■ EXERCISE INSTRUCTIONS:
Write out the data again exactly, skipping every picture.
::::::
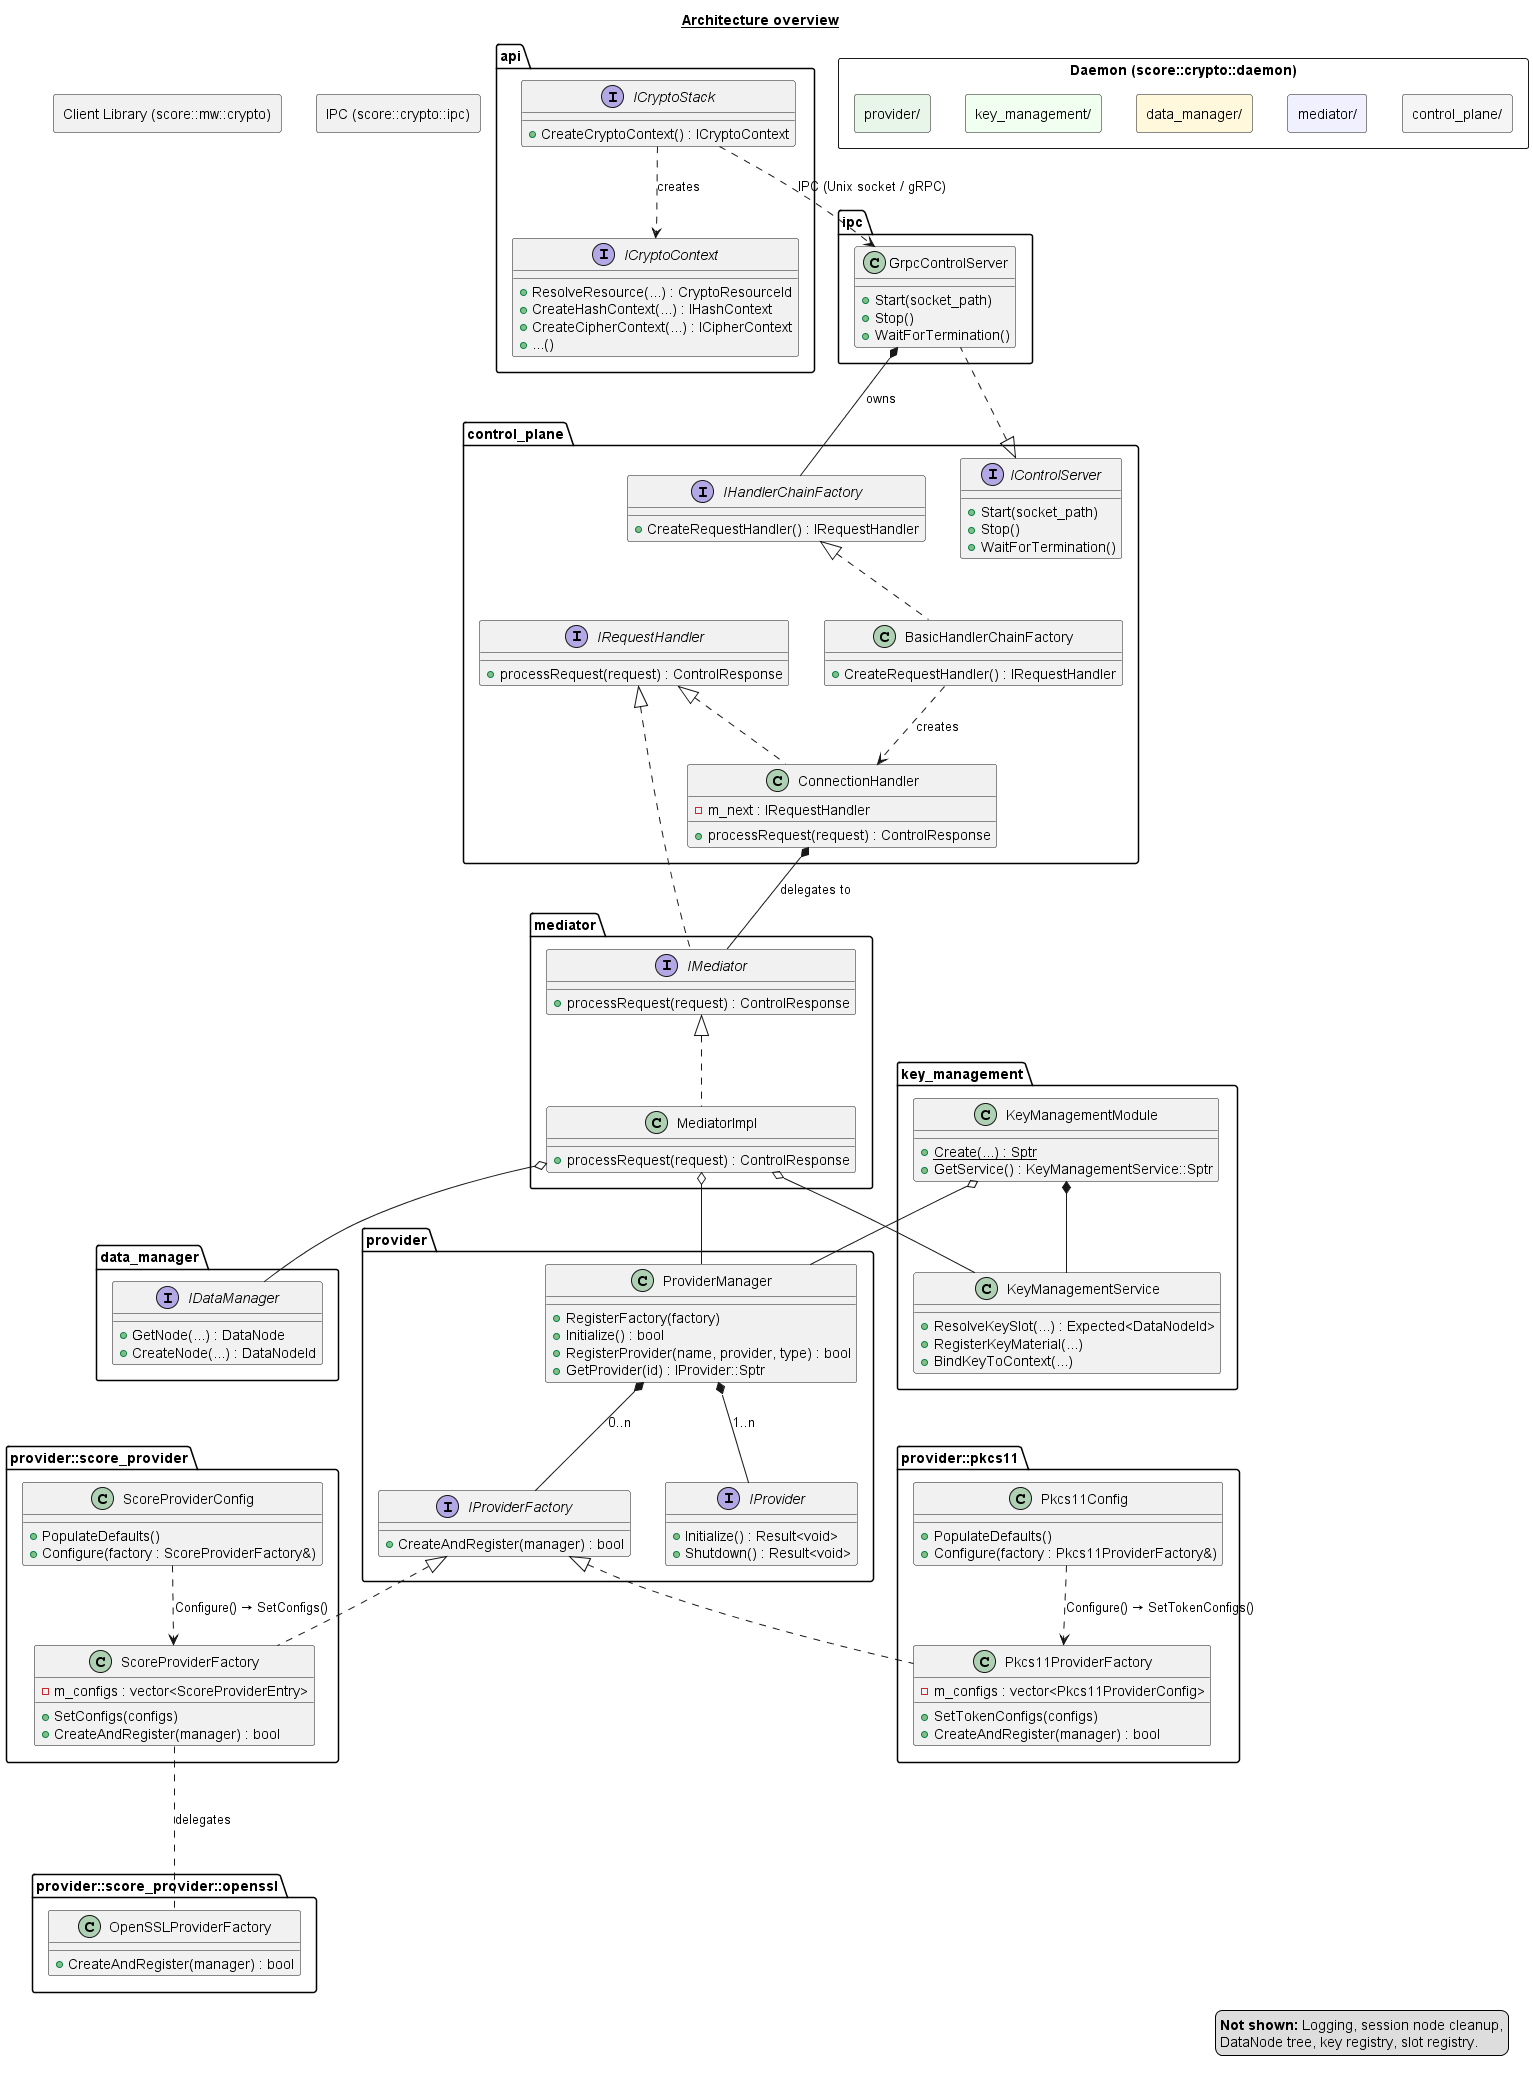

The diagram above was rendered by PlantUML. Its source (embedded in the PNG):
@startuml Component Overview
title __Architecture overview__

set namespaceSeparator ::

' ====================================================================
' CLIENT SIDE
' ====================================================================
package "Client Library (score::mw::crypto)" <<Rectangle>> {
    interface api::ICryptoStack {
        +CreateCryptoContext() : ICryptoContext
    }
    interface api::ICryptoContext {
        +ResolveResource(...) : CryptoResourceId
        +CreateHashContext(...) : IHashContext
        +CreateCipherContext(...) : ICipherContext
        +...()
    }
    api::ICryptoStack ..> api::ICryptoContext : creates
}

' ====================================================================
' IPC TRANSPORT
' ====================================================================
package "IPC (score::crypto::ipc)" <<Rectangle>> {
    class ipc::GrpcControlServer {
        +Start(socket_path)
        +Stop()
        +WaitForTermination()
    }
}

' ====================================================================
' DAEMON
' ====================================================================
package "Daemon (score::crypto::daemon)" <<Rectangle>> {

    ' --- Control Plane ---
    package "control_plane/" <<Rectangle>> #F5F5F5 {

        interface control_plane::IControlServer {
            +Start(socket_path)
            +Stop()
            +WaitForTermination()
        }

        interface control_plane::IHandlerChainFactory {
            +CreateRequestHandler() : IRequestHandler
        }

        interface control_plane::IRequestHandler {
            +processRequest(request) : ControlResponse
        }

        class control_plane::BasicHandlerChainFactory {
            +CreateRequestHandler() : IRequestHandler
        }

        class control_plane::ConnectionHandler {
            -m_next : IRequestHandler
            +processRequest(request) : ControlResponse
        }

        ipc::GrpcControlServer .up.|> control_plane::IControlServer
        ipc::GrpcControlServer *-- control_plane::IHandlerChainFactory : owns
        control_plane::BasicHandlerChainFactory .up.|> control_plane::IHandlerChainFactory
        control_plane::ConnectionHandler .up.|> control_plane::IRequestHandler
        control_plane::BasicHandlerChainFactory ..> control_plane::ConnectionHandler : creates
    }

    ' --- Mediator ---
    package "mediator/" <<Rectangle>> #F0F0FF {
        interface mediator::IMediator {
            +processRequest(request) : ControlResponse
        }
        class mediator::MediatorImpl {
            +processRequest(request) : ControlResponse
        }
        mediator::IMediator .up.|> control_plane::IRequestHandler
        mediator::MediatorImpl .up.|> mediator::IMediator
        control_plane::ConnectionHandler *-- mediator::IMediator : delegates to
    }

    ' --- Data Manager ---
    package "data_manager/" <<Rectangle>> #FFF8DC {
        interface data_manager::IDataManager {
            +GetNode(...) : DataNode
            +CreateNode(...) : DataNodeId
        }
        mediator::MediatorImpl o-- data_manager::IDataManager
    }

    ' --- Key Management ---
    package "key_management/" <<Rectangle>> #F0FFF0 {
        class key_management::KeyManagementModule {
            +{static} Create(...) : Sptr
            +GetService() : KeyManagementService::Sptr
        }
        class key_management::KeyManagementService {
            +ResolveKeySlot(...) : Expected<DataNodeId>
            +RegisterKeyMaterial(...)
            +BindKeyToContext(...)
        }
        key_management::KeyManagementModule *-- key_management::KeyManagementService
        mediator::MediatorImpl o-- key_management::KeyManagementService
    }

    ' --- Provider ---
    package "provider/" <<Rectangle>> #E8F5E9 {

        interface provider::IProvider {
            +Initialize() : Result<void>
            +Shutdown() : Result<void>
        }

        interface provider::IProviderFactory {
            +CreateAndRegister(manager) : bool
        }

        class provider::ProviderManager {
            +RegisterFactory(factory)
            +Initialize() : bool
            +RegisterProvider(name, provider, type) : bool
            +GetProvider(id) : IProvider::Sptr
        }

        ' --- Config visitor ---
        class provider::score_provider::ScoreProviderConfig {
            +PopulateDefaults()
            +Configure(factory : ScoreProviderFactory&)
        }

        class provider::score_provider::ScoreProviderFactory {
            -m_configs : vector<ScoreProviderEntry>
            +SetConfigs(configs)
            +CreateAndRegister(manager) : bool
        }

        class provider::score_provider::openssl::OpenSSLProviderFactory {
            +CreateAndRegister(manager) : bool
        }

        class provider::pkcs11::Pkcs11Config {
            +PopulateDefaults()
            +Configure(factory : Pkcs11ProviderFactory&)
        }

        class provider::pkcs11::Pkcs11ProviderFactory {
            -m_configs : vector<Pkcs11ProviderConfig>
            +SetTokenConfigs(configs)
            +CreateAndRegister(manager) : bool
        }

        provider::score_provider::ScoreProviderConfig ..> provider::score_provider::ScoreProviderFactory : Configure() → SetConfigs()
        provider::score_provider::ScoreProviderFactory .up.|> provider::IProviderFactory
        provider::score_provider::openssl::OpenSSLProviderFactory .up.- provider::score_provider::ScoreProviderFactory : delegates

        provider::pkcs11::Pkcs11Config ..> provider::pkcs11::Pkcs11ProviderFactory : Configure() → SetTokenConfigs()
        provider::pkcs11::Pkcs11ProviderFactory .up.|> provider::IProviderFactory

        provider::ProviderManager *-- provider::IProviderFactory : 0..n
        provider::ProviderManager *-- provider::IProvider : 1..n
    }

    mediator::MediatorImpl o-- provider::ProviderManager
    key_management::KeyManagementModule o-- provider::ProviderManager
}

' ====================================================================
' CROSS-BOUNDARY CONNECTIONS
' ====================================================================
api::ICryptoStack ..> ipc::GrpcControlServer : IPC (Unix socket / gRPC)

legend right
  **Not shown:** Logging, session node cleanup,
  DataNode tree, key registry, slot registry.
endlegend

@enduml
::::::
■ EXERCISE ANSWER:
The diagram above was rendered by PlantUML. Its source (embedded in the PNG):
@startuml Component Overview
title __Architecture overview__

set namespaceSeparator ::

' ====================================================================
' CLIENT SIDE
' ====================================================================
package "Client Library (score::mw::crypto)" <<Rectangle>> {
    interface api::ICryptoStack {
        +CreateCryptoContext() : ICryptoContext
    }
    interface api::ICryptoContext {
        +ResolveResource(...) : CryptoResourceId
        +CreateHashContext(...) : IHashContext
        +CreateCipherContext(...) : ICipherContext
        +...()
    }
    api::ICryptoStack ..> api::ICryptoContext : creates
}

' ====================================================================
' IPC TRANSPORT
' ====================================================================
package "IPC (score::crypto::ipc)" <<Rectangle>> {
    class ipc::GrpcControlServer {
        +Start(socket_path)
        +Stop()
        +WaitForTermination()
    }
}

' ====================================================================
' DAEMON
' ====================================================================
package "Daemon (score::crypto::daemon)" <<Rectangle>> {

    ' --- Control Plane ---
    package "control_plane/" <<Rectangle>> #F5F5F5 {

        interface control_plane::IControlServer {
            +Start(socket_path)
            +Stop()
            +WaitForTermination()
        }

        interface control_plane::IHandlerChainFactory {
            +CreateRequestHandler() : IRequestHandler
        }

        interface control_plane::IRequestHandler {
            +processRequest(request) : ControlResponse
        }

        class control_plane::BasicHandlerChainFactory {
            +CreateRequestHandler() : IRequestHandler
        }

        class control_plane::ConnectionHandler {
            -m_next : IRequestHandler
            +processRequest(request) : ControlResponse
        }

        ipc::GrpcControlServer .up.|> control_plane::IControlServer
        ipc::GrpcControlServer *-- control_plane::IHandlerChainFactory : owns
        control_plane::BasicHandlerChainFactory .up.|> control_plane::IHandlerChainFactory
        control_plane::ConnectionHandler .up.|> control_plane::IRequestHandler
        control_plane::BasicHandlerChainFactory ..> control_plane::ConnectionHandler : creates
    }

    ' --- Mediator ---
    package "mediator/" <<Rectangle>> #F0F0FF {
        interface mediator::IMediator {
            +processRequest(request) : ControlResponse
        }
        class mediator::MediatorImpl {
            +processRequest(request) : ControlResponse
        }
        mediator::IMediator .up.|> control_plane::IRequestHandler
        mediator::MediatorImpl .up.|> mediator::IMediator
        control_plane::ConnectionHandler *-- mediator::IMediator : delegates to
    }

    ' --- Data Manager ---
    package "data_manager/" <<Rectangle>> #FFF8DC {
        interface data_manager::IDataManager {
            +GetNode(...) : DataNode
            +CreateNode(...) : DataNodeId
        }
        mediator::MediatorImpl o-- data_manager::IDataManager
    }

    ' --- Key Management ---
    package "key_management/" <<Rectangle>> #F0FFF0 {
        class key_management::KeyManagementModule {
            +{static} Create(...) : Sptr
            +GetService() : KeyManagementService::Sptr
        }
        class key_management::KeyManagementService {
            +ResolveKeySlot(...) : Expected<DataNodeId>
            +RegisterKeyMaterial(...)
            +BindKeyToContext(...)
        }
        key_management::KeyManagementModule *-- key_management::KeyManagementService
        mediator::MediatorImpl o-- key_management::KeyManagementService
    }

    ' --- Provider ---
    package "provider/" <<Rectangle>> #E8F5E9 {

        interface provider::IProvider {
            +Initialize() : Result<void>
            +Shutdown() : Result<void>
        }

        interface provider::IProviderFactory {
            +CreateAndRegister(manager) : bool
        }

        class provider::ProviderManager {
            +RegisterFactory(factory)
            +Initialize() : bool
            +RegisterProvider(name, provider, type) : bool
            +GetProvider(id) : IProvider::Sptr
        }

        ' --- Config visitor ---
        class provider::score_provider::ScoreProviderConfig {
            +PopulateDefaults()
            +Configure(factory : ScoreProviderFactory&)
        }

        class provider::score_provider::ScoreProviderFactory {
            -m_configs : vector<ScoreProviderEntry>
            +SetConfigs(configs)
            +CreateAndRegister(manager) : bool
        }

        class provider::score_provider::openssl::OpenSSLProviderFactory {
            +CreateAndRegister(manager) : bool
        }

        class provider::pkcs11::Pkcs11Config {
            +PopulateDefaults()
            +Configure(factory : Pkcs11ProviderFactory&)
        }

        class provider::pkcs11::Pkcs11ProviderFactory {
            -m_configs : vector<Pkcs11ProviderConfig>
            +SetTokenConfigs(configs)
            +CreateAndRegister(manager) : bool
        }

        provider::score_provider::ScoreProviderConfig ..> provider::score_provider::ScoreProviderFactory : Configure() → SetConfigs()
        provider::score_provider::ScoreProviderFactory .up.|> provider::IProviderFactory
        provider::score_provider::openssl::OpenSSLProviderFactory .up.- provider::score_provider::ScoreProviderFactory : delegates

        provider::pkcs11::Pkcs11Config ..> provider::pkcs11::Pkcs11ProviderFactory : Configure() → SetTokenConfigs()
        provider::pkcs11::Pkcs11ProviderFactory .up.|> provider::IProviderFactory

        provider::ProviderManager *-- provider::IProviderFactory : 0..n
        provider::ProviderManager *-- provider::IProvider : 1..n
    }

    mediator::MediatorImpl o-- provider::ProviderManager
    key_management::KeyManagementModule o-- provider::ProviderManager
}

' ====================================================================
' CROSS-BOUNDARY CONNECTIONS
' ====================================================================
api::ICryptoStack ..> ipc::GrpcControlServer : IPC (Unix socket / gRPC)

legend right
  **Not shown:** Logging, session node cleanup,
  DataNode tree, key registry, slot registry.
endlegend

@enduml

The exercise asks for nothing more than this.